Isolated or one-time testing, especially testing conducted solely by vendors without employer oversight or sufficient transparency, will be increasingly difficult to defend.
What Employers Should Do Now
Employers operating in California, Illinois, or both should act now to prepare for this new enforcement landscape:
- Inventory automated decision systems. Identify where ADS tools are used across all areas of employment, including recruiting, screening, assessment and promotion.
- Build or adapt governance processes. Ensure governance frameworks explicitly address evaluation and monitoring of employment-related AI.

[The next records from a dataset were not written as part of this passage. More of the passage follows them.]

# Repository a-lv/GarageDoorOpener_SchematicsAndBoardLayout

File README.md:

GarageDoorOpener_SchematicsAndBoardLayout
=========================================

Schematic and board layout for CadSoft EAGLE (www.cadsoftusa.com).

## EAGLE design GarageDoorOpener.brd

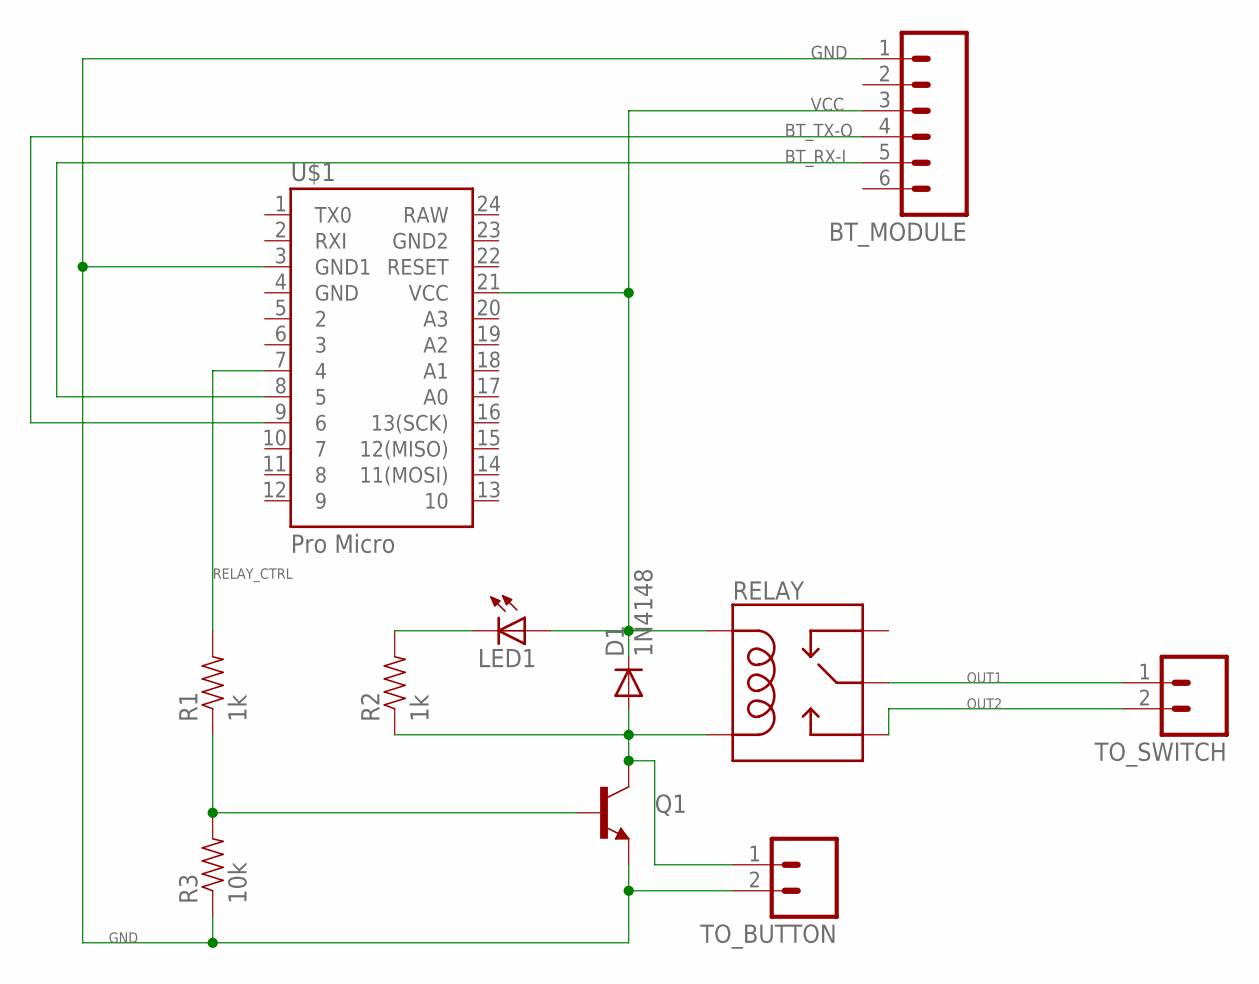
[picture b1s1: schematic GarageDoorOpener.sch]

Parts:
BT_MODULE: M06LOCK; 1X06_LOCK
D1: 1N4148; DIODE-1N4148
LED1: LED3MM
Q1: TRANSISTOR_NPNTO-92-AMMO; TO-92-AMMO
R1, R2: 1k; AXIAL-0.3
R3: 10k; AXIAL-0.3
RELAY: RELAYPTH4; RELAY-JZC
TO_BUTTON: M02LOCK; 1X02_LOCK
TO_SWITCH: M02-JST-2-PTH-NO_SILK; JST-2-PTH-NS
U$1: Pro Micro; ARDUINO_PRO_MICRO

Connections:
BT_RX-I: BT_MODULE.5, U$1.8 (5)
BT_TX-O: BT_MODULE.4, U$1.9 (6)
GND: BT_MODULE.1, Q1.1 (E), R3.P$1 (1), TO_BUTTON.2, U$1.3 (GND1)
unnamed: D1.A, Q1.3 (C), R2.P$1 (1), RELAY.1 (COIL2), TO_BUTTON.1
unnamed: Q1.2 (B), R1.P$1 (1), R3.P$2 (2)
unnamed: LED1.K (C), R2.P$2 (2)
OUT1: RELAY.4 (MAIN), TO_SWITCH.1
OUT2: RELAY.3 (NO), TO_SWITCH.2
RELAY_CTRL: R1.P$2 (2), U$1.7 (4)
VCC: BT_MODULE.3, D1.C, LED1.A, RELAY.5 (COIL1), U$1.21 (VCC)

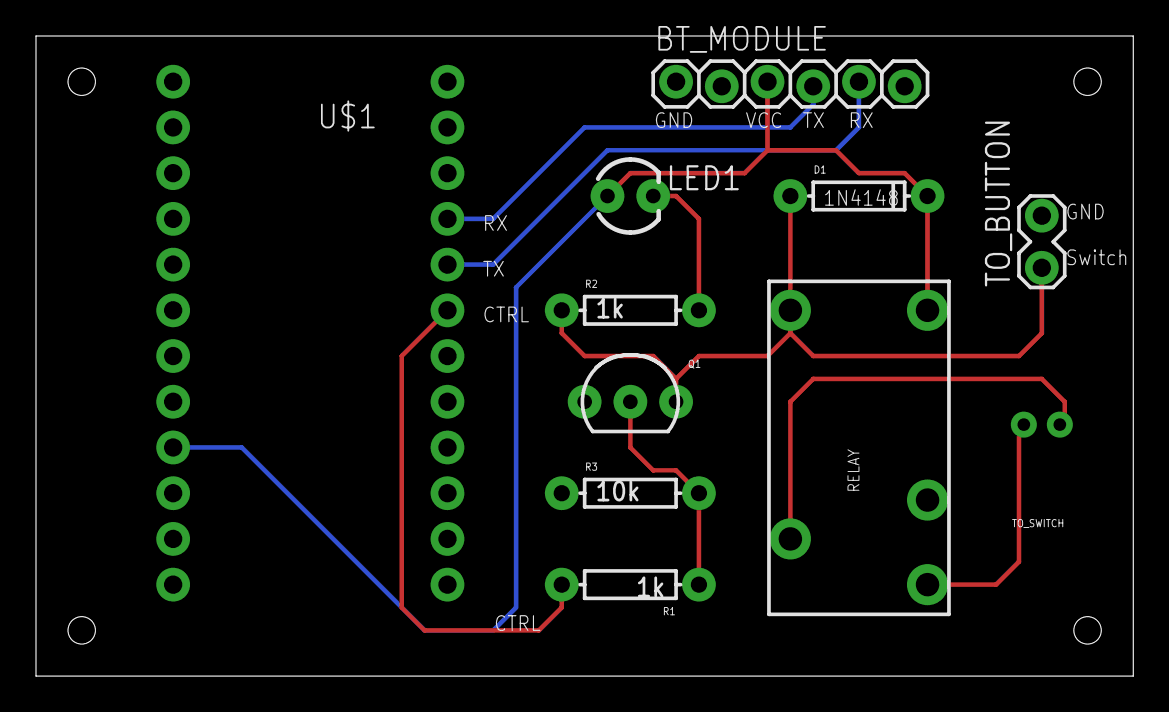
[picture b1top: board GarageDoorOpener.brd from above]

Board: 2 copper layers, 61.0 x 35.6 mm, 11 parts (0 on the bottom side), 10 nets.

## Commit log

2014-02-13 First committ
2014-02-14 Create README.md
    First commit of readme

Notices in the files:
parts and their libraries:
SparkFun-Electromechanical: Licensing: CC v3.0 Share-Alike You are welcome to use this library for commercial purposes.

- Establish legal oversight. Testing and evaluation should be conducted or supervised in a way that supports defensibility and privilege where appropriate.
- Prepare for notice obligations. Illinois employers should assess where disclosures will be required and how they will be operationalized.
- Strengthen vendor oversight. Contractual terms should support transparency, access to information and the ability to evaluate system outcomes.
- Begin structured testing. Employers should not wait for enforcement activity to assess how their systems perform in practice.
How Manatt Can Help
Manatt’s and teams helps employers operationalize emerging state requirements in a way that is practical, defensible, and aligned with employment and civil rights law. We work with organizations to:
- Design evaluation and monitoring programs aligned with FEHA and Illinois Human Rights Act expectations;
- Conduct AI assessments under attorney-client privilege, where appropriate;
- Integrate AI oversight into employment compliance, investigations and response strategies;
- Support vendor diligence, negotiation and contracting for AI-assisted hiring tools; and
- Prepare for transparency and notice obligations tied to AI use in employment.
As regulators move from AI policy debates to concrete enforcement, employers that invest now in disciplined disclosure, evaluation, governance and documentation will be best positioned to manage risk.